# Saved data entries
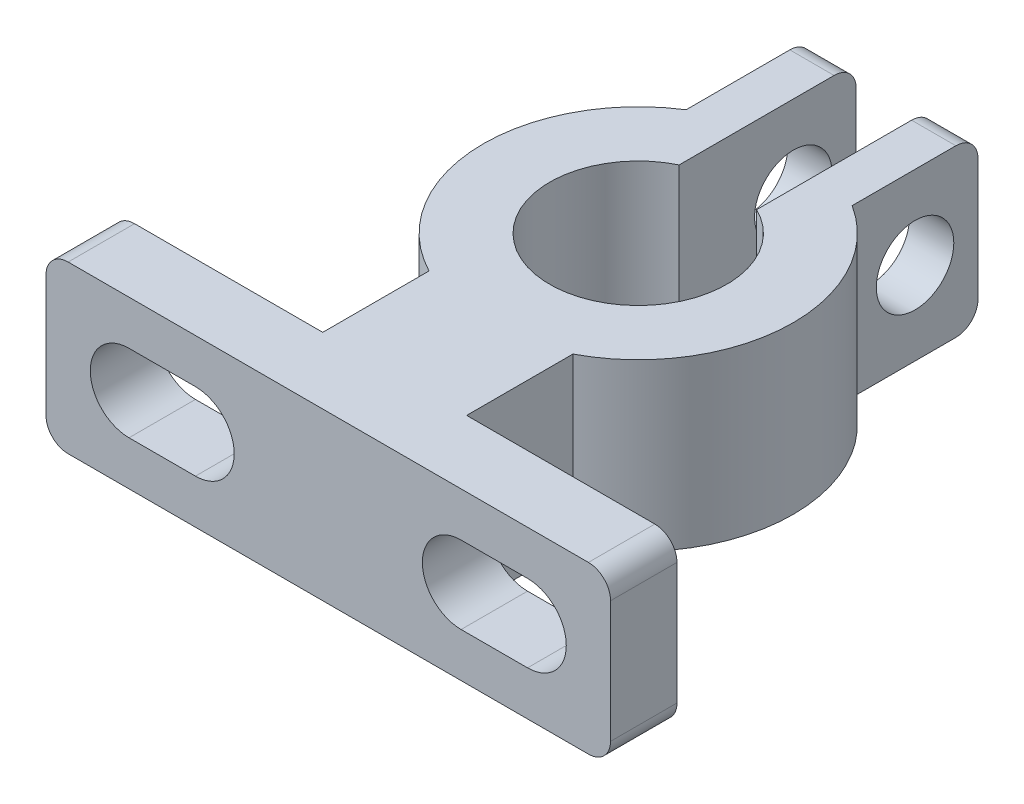
ISO-10303-21;
HEADER;
FILE_DESCRIPTION(('STEP AP214'),'2;1');
FILE_NAME('part.step','',(''),(''),'','','');
FILE_SCHEMA(('AUTOMOTIVE_DESIGN { 1 0 10303 214 1 1 1 1 }'));
ENDSEC;
DATA;
#1=APPLICATION_CONTEXT('core data for automotive mechanical design processes');
#2=APPLICATION_PROTOCOL_DEFINITION('international standard','automotive_design',2000,#1);
#3=PRODUCT_CONTEXT('',#1,'mechanical');
#4=PRODUCT('Part','Part','',(#3));
#5=PRODUCT_RELATED_PRODUCT_CATEGORY('part','',(#4));
#6=PRODUCT_DEFINITION_FORMATION('','',#4);
#7=PRODUCT_DEFINITION_CONTEXT('part definition',#1,'design');
#8=PRODUCT_DEFINITION('design','',#6,#7);
#9=PRODUCT_DEFINITION_SHAPE('','',#8);
#10=(LENGTH_UNIT() NAMED_UNIT(*) SI_UNIT(.MILLI.,.METRE.));
#11=(NAMED_UNIT(*) PLANE_ANGLE_UNIT() SI_UNIT($,.RADIAN.));
#12=(NAMED_UNIT(*) SI_UNIT($,.STERADIAN.) SOLID_ANGLE_UNIT());
#13=UNCERTAINTY_MEASURE_WITH_UNIT(LENGTH_MEASURE(1.E-05),#10,'distance_accuracy_value','');
#14=(GEOMETRIC_REPRESENTATION_CONTEXT(3) GLOBAL_UNCERTAINTY_ASSIGNED_CONTEXT((#13)) GLOBAL_UNIT_ASSIGNED_CONTEXT((#10,
#11,#12)) REPRESENTATION_CONTEXT('',''));
#15=CARTESIAN_POINT('',(0.,0.,0.));
#16=DIRECTION('',(0.,0.,1.));
#17=DIRECTION('',(1.,0.,0.));
#18=AXIS2_PLACEMENT_3D('',#15,#16,#17);
#19=CARTESIAN_POINT('',(-3.25,3.75,-7.));
#20=DIRECTION('',(1.,0.,0.));
#21=DIRECTION('',(0.,0.,-1.));
#22=AXIS2_PLACEMENT_3D('',#19,#20,#21);
#23=PLANE('',#22);
#24=DIRECTION('',(0.,-1.,0.));
#25=VECTOR('',#24,1.);
#26=CARTESIAN_POINT('',(-3.25,3.75,-4.80020161618138));
#27=LINE('',#26,#25);
#28=CARTESIAN_POINT('',(-3.25,-3.75,-4.80020161618138));
#29=VERTEX_POINT('',#28);
#30=CARTESIAN_POINT('',(-3.25,3.75,-4.80020161618138));
#31=VERTEX_POINT('',#30);
#32=EDGE_CURVE('E273',#29,#31,#27,.F.);
#33=ORIENTED_EDGE('',*,*,#32,.F.);
#34=DIRECTION('',(0.,0.,1.));
#35=VECTOR('',#34,1.);
#36=CARTESIAN_POINT('',(-3.25,-3.75,-7.));
#37=LINE('',#36,#35);
#38=CARTESIAN_POINT('',(-3.25,-3.75,0.));
#39=VERTEX_POINT('',#38);
#40=EDGE_CURVE('E336',#29,#39,#37,.T.);
#41=ORIENTED_EDGE('',*,*,#40,.T.);
#42=DIRECTION('',(0.,1.,0.));
#43=VECTOR('',#42,1.);
#44=CARTESIAN_POINT('',(-3.25,3.75,0.));
#45=LINE('',#44,#43);
#46=CARTESIAN_POINT('',(-3.25,3.75,0.));
#47=VERTEX_POINT('',#46);
#48=EDGE_CURVE('E318',#39,#47,#45,.T.);
#49=ORIENTED_EDGE('',*,*,#48,.T.);
#50=DIRECTION('',(0.,0.,1.));
#51=VECTOR('',#50,1.);
#52=CARTESIAN_POINT('',(-3.25,3.75,-7.));
#53=LINE('',#52,#51);
#54=EDGE_CURVE('E340',#31,#47,#53,.T.);
#55=ORIENTED_EDGE('',*,*,#54,.F.);
#56=EDGE_LOOP('',(#33,#41,#49,#55));
#57=FACE_BOUND('',#56,.T.);
#58=ADVANCED_FACE('F37',(#57),#23,.F.);
#59=CARTESIAN_POINT('',(3.25,3.75,-7.));
#60=DIRECTION('',(-1.,0.,0.));
#61=DIRECTION('',(0.,0.,1.));
#62=AXIS2_PLACEMENT_3D('',#59,#60,#61);
#63=PLANE('',#62);
#64=DIRECTION('',(0.,-1.,0.));
#65=VECTOR('',#64,1.);
#66=CARTESIAN_POINT('',(3.25,3.75,-4.80020161618138));
#67=LINE('',#66,#65);
#68=CARTESIAN_POINT('',(3.25,3.75,-4.80020161618138));
#69=VERTEX_POINT('',#68);
#70=CARTESIAN_POINT('',(3.25,-3.75,-4.80020161618138));
#71=VERTEX_POINT('',#70);
#72=EDGE_CURVE('E350',#69,#71,#67,.T.);
#73=ORIENTED_EDGE('',*,*,#72,.F.);
#74=DIRECTION('',(0.,0.,1.));
#75=VECTOR('',#74,1.);
#76=CARTESIAN_POINT('',(3.25,3.75,-7.));
#77=LINE('',#76,#75);
#78=CARTESIAN_POINT('',(3.25,3.75,0.));
#79=VERTEX_POINT('',#78);
#80=EDGE_CURVE('E463',#69,#79,#77,.T.);
#81=ORIENTED_EDGE('',*,*,#80,.T.);
#82=DIRECTION('',(0.,-1.,0.));
#83=VECTOR('',#82,1.);
#84=CARTESIAN_POINT('',(3.25,3.75,0.));
#85=LINE('',#84,#83);
#86=CARTESIAN_POINT('',(3.25,-3.75,0.));
#87=VERTEX_POINT('',#86);
#88=EDGE_CURVE('E327',#79,#87,#85,.T.);
#89=ORIENTED_EDGE('',*,*,#88,.T.);
#90=DIRECTION('',(0.,0.,1.));
#91=VECTOR('',#90,1.);
#92=CARTESIAN_POINT('',(3.25,-3.75,-7.));
#93=LINE('',#92,#91);
#94=EDGE_CURVE('E332',#71,#87,#93,.T.);
#95=ORIENTED_EDGE('',*,*,#94,.F.);
#96=EDGE_LOOP('',(#73,#81,#89,#95));
#97=FACE_BOUND('',#96,.T.);
#98=ADVANCED_FACE('F475',(#97),#63,.F.);
#99=CARTESIAN_POINT('',(0.,0.,0.));
#100=DIRECTION('',(0.,0.,-1.));
#101=DIRECTION('',(-1.,0.,0.));
#102=AXIS2_PLACEMENT_3D('',#99,#100,#101);
#103=PLANE('',#102);
#104=DIRECTION('',(1.,0.,0.));
#105=VECTOR('',#104,1.);
#106=CARTESIAN_POINT('',(-12.75,-3.75,0.));
#107=LINE('',#106,#105);
#108=CARTESIAN_POINT('',(-11.75,-3.75,0.));
#109=VERTEX_POINT('',#108);
#110=EDGE_CURVE('E358',#109,#39,#107,.T.);
#111=ORIENTED_EDGE('',*,*,#110,.F.);
#112=CARTESIAN_POINT('',(-11.75,-2.75,0.));
#113=DIRECTION('',(0.,0.,-1.));
#114=DIRECTION('',(-1.,0.,0.));
#115=AXIS2_PLACEMENT_3D('',#112,#113,#114);
#116=CIRCLE('',#115,1.);
#117=CARTESIAN_POINT('',(-12.75,-2.75,0.));
#118=VERTEX_POINT('',#117);
#119=EDGE_CURVE('E410',#109,#118,#116,.T.);
#120=ORIENTED_EDGE('',*,*,#119,.T.);
#121=DIRECTION('',(0.,-1.,0.));
#122=VECTOR('',#121,1.);
#123=CARTESIAN_POINT('',(-12.75,-3.75,0.));
#124=LINE('',#123,#122);
#125=CARTESIAN_POINT('',(-12.75,2.75,0.));
#126=VERTEX_POINT('',#125);
#127=EDGE_CURVE('E367',#126,#118,#124,.T.);
#128=ORIENTED_EDGE('',*,*,#127,.F.);
#129=CARTESIAN_POINT('',(-11.75,2.75,0.));
#130=DIRECTION('',(0.,0.,-1.));
#131=DIRECTION('',(-1.,0.,0.));
#132=AXIS2_PLACEMENT_3D('',#129,#130,#131);
#133=CIRCLE('',#132,1.);
#134=CARTESIAN_POINT('',(-11.75,3.75,0.));
#135=VERTEX_POINT('',#134);
#136=EDGE_CURVE('E408',#126,#135,#133,.T.);
#137=ORIENTED_EDGE('',*,*,#136,.T.);
#138=DIRECTION('',(-1.,0.,0.));
#139=VECTOR('',#138,1.);
#140=CARTESIAN_POINT('',(-12.75,3.75,0.));
#141=LINE('',#140,#139);
#142=EDGE_CURVE('E372',#47,#135,#141,.T.);
#143=ORIENTED_EDGE('',*,*,#142,.F.);
#144=ORIENTED_EDGE('',*,*,#48,.F.);
#145=EDGE_LOOP('',(#111,#120,#128,#137,#143,#144));
#146=FACE_BOUND('',#145,.T.);
#147=DIRECTION('',(-1.,0.,0.));
#148=VECTOR('',#147,1.);
#149=CARTESIAN_POINT('',(-9.,1.75,0.));
#150=LINE('',#149,#148);
#151=CARTESIAN_POINT('',(-6.,1.75,0.));
#152=VERTEX_POINT('',#151);
#153=CARTESIAN_POINT('',(-9.,1.75,0.));
#154=VERTEX_POINT('',#153);
#155=EDGE_CURVE('E647',#152,#154,#150,.T.);
#156=ORIENTED_EDGE('',*,*,#155,.T.);
#157=CARTESIAN_POINT('',(-9.,0.,0.));
#158=DIRECTION('',(0.,0.,1.));
#159=DIRECTION('',(1.,0.,0.));
#160=AXIS2_PLACEMENT_3D('',#157,#158,#159);
#161=CIRCLE('',#160,1.75);
#162=CARTESIAN_POINT('',(-9.,-1.75,0.));
#163=VERTEX_POINT('',#162);
#164=EDGE_CURVE('E649',#154,#163,#161,.T.);
#165=ORIENTED_EDGE('',*,*,#164,.T.);
#166=DIRECTION('',(1.,0.,0.));
#167=VECTOR('',#166,1.);
#168=CARTESIAN_POINT('',(-9.,-1.75,0.));
#169=LINE('',#168,#167);
#170=CARTESIAN_POINT('',(-6.,-1.75,0.));
#171=VERTEX_POINT('',#170);
#172=EDGE_CURVE('E657',#163,#171,#169,.T.);
#173=ORIENTED_EDGE('',*,*,#172,.T.);
#174=CARTESIAN_POINT('',(-6.,0.,0.));
#175=DIRECTION('',(0.,0.,1.));
#176=DIRECTION('',(1.,0.,0.));
#177=AXIS2_PLACEMENT_3D('',#174,#175,#176);
#178=CIRCLE('',#177,1.75);
#179=EDGE_CURVE('E651',#171,#152,#178,.T.);
#180=ORIENTED_EDGE('',*,*,#179,.T.);
#181=EDGE_LOOP('',(#156,#165,#173,#180));
#182=FACE_BOUND('',#181,.T.);
#183=ADVANCED_FACE('F477',(#146,#182),#103,.T.);
#184=CARTESIAN_POINT('',(0.,0.,3.));
#185=DIRECTION('',(0.,0.,-1.));
#186=DIRECTION('',(-1.,0.,0.));
#187=AXIS2_PLACEMENT_3D('',#184,#185,#186);
#188=PLANE('',#187);
#189=CARTESIAN_POINT('',(-9.,0.,3.));
#190=DIRECTION('',(0.,0.,1.));
#191=DIRECTION('',(1.,0.,0.));
#192=AXIS2_PLACEMENT_3D('',#189,#190,#191);
#193=CIRCLE('',#192,1.75);
#194=CARTESIAN_POINT('',(-9.,1.75,3.));
#195=VERTEX_POINT('',#194);
#196=CARTESIAN_POINT('',(-9.,-1.75,3.));
#197=VERTEX_POINT('',#196);
#198=EDGE_CURVE('E653',#195,#197,#193,.T.);
#199=ORIENTED_EDGE('',*,*,#198,.F.);
#200=DIRECTION('',(-1.,0.,0.));
#201=VECTOR('',#200,1.);
#202=CARTESIAN_POINT('',(-9.,1.75,3.));
#203=LINE('',#202,#201);
#204=CARTESIAN_POINT('',(-6.,1.75,3.));
#205=VERTEX_POINT('',#204);
#206=EDGE_CURVE('E662',#205,#195,#203,.T.);
#207=ORIENTED_EDGE('',*,*,#206,.F.);
#208=CARTESIAN_POINT('',(-6.,0.,3.));
#209=DIRECTION('',(0.,0.,1.));
#210=DIRECTION('',(1.,0.,0.));
#211=AXIS2_PLACEMENT_3D('',#208,#209,#210);
#212=CIRCLE('',#211,1.75);
#213=CARTESIAN_POINT('',(-6.,-1.75,3.));
#214=VERTEX_POINT('',#213);
#215=EDGE_CURVE('E666',#214,#205,#212,.T.);
#216=ORIENTED_EDGE('',*,*,#215,.F.);
#217=DIRECTION('',(1.,0.,0.));
#218=VECTOR('',#217,1.);
#219=CARTESIAN_POINT('',(-9.,-1.75,3.));
#220=LINE('',#219,#218);
#221=EDGE_CURVE('E655',#197,#214,#220,.T.);
#222=ORIENTED_EDGE('',*,*,#221,.F.);
#223=EDGE_LOOP('',(#199,#207,#216,#222));
#224=FACE_BOUND('',#223,.T.);
#225=DIRECTION('',(0.,-1.,0.));
#226=VECTOR('',#225,1.);
#227=CARTESIAN_POINT('',(-12.75,-3.75,3.));
#228=LINE('',#227,#226);
#229=CARTESIAN_POINT('',(-12.75,2.75,3.));
#230=VERTEX_POINT('',#229);
#231=CARTESIAN_POINT('',(-12.75,-2.75,3.));
#232=VERTEX_POINT('',#231);
#233=EDGE_CURVE('E452',#230,#232,#228,.T.);
#234=ORIENTED_EDGE('',*,*,#233,.T.);
#235=CARTESIAN_POINT('',(-11.75,-2.75,3.));
#236=DIRECTION('',(0.,0.,-1.));
#237=DIRECTION('',(-1.,0.,0.));
#238=AXIS2_PLACEMENT_3D('',#235,#236,#237);
#239=CIRCLE('',#238,1.);
#240=CARTESIAN_POINT('',(-11.75,-3.75,3.));
#241=VERTEX_POINT('',#240);
#242=EDGE_CURVE('E423',#232,#241,#239,.F.);
#243=ORIENTED_EDGE('',*,*,#242,.T.);
#244=DIRECTION('',(1.,0.,0.));
#245=VECTOR('',#244,1.);
#246=CARTESIAN_POINT('',(-12.75,-3.75,3.));
#247=LINE('',#246,#245);
#248=CARTESIAN_POINT('',(11.75,-3.75,3.));
#249=VERTEX_POINT('',#248);
#250=EDGE_CURVE('E454',#241,#249,#247,.T.);
#251=ORIENTED_EDGE('',*,*,#250,.T.);
#252=CARTESIAN_POINT('',(11.75,-2.75,3.));
#253=DIRECTION('',(0.,0.,-1.));
#254=DIRECTION('',(-1.,0.,0.));
#255=AXIS2_PLACEMENT_3D('',#252,#253,#254);
#256=CIRCLE('',#255,1.);
#257=CARTESIAN_POINT('',(12.75,-2.75,3.));
#258=VERTEX_POINT('',#257);
#259=EDGE_CURVE('E421',#249,#258,#256,.F.);
#260=ORIENTED_EDGE('',*,*,#259,.T.);
#261=DIRECTION('',(0.,1.,0.));
#262=VECTOR('',#261,1.);
#263=CARTESIAN_POINT('',(12.75,-3.75,3.));
#264=LINE('',#263,#262);
#265=CARTESIAN_POINT('',(12.75,2.75,3.));
#266=VERTEX_POINT('',#265);
#267=EDGE_CURVE('E361',#258,#266,#264,.T.);
#268=ORIENTED_EDGE('',*,*,#267,.T.);
#269=CARTESIAN_POINT('',(11.75,2.75,3.));
#270=DIRECTION('',(0.,0.,-1.));
#271=DIRECTION('',(-1.,0.,0.));
#272=AXIS2_PLACEMENT_3D('',#269,#270,#271);
#273=CIRCLE('',#272,1.);
#274=CARTESIAN_POINT('',(11.75,3.75,3.));
#275=VERTEX_POINT('',#274);
#276=EDGE_CURVE('E419',#266,#275,#273,.F.);
#277=ORIENTED_EDGE('',*,*,#276,.T.);
#278=DIRECTION('',(-1.,0.,0.));
#279=VECTOR('',#278,1.);
#280=CARTESIAN_POINT('',(-12.75,3.75,3.));
#281=LINE('',#280,#279);
#282=CARTESIAN_POINT('',(-11.75,3.75,3.));
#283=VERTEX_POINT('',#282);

# AIM OF THE EXERCISE
Set down, exactly as they stand above, the lines starting with the line with "#66=CARTESIAN_POINT('',(3.25,3.75,-4.80020161618138));" and going on through the line with "#103=PLANE('',#102);", and no others.

# TASK SOLUTION
#66=CARTESIAN_POINT('',(3.25,3.75,-4.80020161618138));
#67=LINE('',#66,#65);
#68=CARTESIAN_POINT('',(3.25,3.75,-4.80020161618138));
#69=VERTEX_POINT('',#68);
#70=CARTESIAN_POINT('',(3.25,-3.75,-4.80020161618138));
#71=VERTEX_POINT('',#70);
#72=EDGE_CURVE('E350',#69,#71,#67,.T.);
#73=ORIENTED_EDGE('',*,*,#72,.F.);
#74=DIRECTION('',(0.,0.,1.));
#75=VECTOR('',#74,1.);
#76=CARTESIAN_POINT('',(3.25,3.75,-7.));
#77=LINE('',#76,#75);
#78=CARTESIAN_POINT('',(3.25,3.75,0.));
#79=VERTEX_POINT('',#78);
#80=EDGE_CURVE('E463',#69,#79,#77,.T.);
#81=ORIENTED_EDGE('',*,*,#80,.T.);
#82=DIRECTION('',(0.,-1.,0.));
#83=VECTOR('',#82,1.);
#84=CARTESIAN_POINT('',(3.25,3.75,0.));
#85=LINE('',#84,#83);
#86=CARTESIAN_POINT('',(3.25,-3.75,0.));
#87=VERTEX_POINT('',#86);
#88=EDGE_CURVE('E327',#79,#87,#85,.T.);
#89=ORIENTED_EDGE('',*,*,#88,.T.);
#90=DIRECTION('',(0.,0.,1.));
#91=VECTOR('',#90,1.);
#92=CARTESIAN_POINT('',(3.25,-3.75,-7.));
#93=LINE('',#92,#91);
#94=EDGE_CURVE('E332',#71,#87,#93,.T.);
#95=ORIENTED_EDGE('',*,*,#94,.F.);
#96=EDGE_LOOP('',(#73,#81,#89,#95));
#97=FACE_BOUND('',#96,.T.);
#98=ADVANCED_FACE('F475',(#97),#63,.F.);
#99=CARTESIAN_POINT('',(0.,0.,0.));
#100=DIRECTION('',(0.,0.,-1.));
#101=DIRECTION('',(-1.,0.,0.));
#102=AXIS2_PLACEMENT_3D('',#99,#100,#101);
#103=PLANE('',#102);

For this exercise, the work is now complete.